• **How to complete this task**
When you reach the line that contains "unnamed: C1.1, U1-PIC32MX170F256B1.13 (Vdd)" in the entries below, begin returning lines exactly as written and continue through the last one.

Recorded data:
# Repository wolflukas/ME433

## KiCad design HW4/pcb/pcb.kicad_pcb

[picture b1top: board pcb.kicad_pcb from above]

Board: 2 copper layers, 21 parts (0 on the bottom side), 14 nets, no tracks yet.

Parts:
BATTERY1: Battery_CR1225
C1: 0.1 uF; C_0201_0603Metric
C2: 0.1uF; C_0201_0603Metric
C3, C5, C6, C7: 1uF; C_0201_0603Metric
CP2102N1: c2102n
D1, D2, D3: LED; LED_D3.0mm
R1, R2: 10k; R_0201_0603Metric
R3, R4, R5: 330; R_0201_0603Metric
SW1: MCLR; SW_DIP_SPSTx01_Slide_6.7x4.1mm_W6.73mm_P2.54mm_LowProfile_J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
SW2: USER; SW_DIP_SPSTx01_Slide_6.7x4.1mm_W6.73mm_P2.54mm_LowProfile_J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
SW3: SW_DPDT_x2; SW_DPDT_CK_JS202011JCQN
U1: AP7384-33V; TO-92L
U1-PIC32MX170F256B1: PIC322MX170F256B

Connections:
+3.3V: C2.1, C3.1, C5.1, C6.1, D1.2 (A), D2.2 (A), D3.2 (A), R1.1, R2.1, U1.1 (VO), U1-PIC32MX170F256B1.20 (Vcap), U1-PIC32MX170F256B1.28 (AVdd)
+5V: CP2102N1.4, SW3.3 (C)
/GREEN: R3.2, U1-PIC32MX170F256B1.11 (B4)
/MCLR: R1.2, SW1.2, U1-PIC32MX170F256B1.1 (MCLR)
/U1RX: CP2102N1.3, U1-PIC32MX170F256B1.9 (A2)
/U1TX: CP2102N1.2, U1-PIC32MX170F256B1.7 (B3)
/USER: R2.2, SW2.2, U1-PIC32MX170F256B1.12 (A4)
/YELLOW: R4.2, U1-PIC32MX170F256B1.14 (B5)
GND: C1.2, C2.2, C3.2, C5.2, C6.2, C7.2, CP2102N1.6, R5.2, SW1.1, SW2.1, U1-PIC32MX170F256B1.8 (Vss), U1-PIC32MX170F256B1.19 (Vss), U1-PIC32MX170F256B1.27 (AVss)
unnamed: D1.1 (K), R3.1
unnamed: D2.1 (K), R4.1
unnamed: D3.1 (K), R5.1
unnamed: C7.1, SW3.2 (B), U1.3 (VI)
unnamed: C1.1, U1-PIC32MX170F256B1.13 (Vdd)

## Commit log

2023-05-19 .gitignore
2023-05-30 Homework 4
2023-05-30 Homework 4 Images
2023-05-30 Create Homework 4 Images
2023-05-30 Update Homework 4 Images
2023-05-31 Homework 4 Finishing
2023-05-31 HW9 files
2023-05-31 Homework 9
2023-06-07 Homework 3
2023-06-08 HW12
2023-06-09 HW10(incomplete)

• **Result**
unnamed: C1.1, U1-PIC32MX170F256B1.13 (Vdd)

## Commit log

2023-05-19 .gitignore
2023-05-30 Homework 4
2023-05-30 Homework 4 Images
2023-05-30 Create Homework 4 Images
2023-05-30 Update Homework 4 Images
2023-05-31 Homework 4 Finishing
2023-05-31 HW9 files
2023-05-31 Homework 9
2023-06-07 Homework 3
2023-06-08 HW12
2023-06-09 HW10(incomplete)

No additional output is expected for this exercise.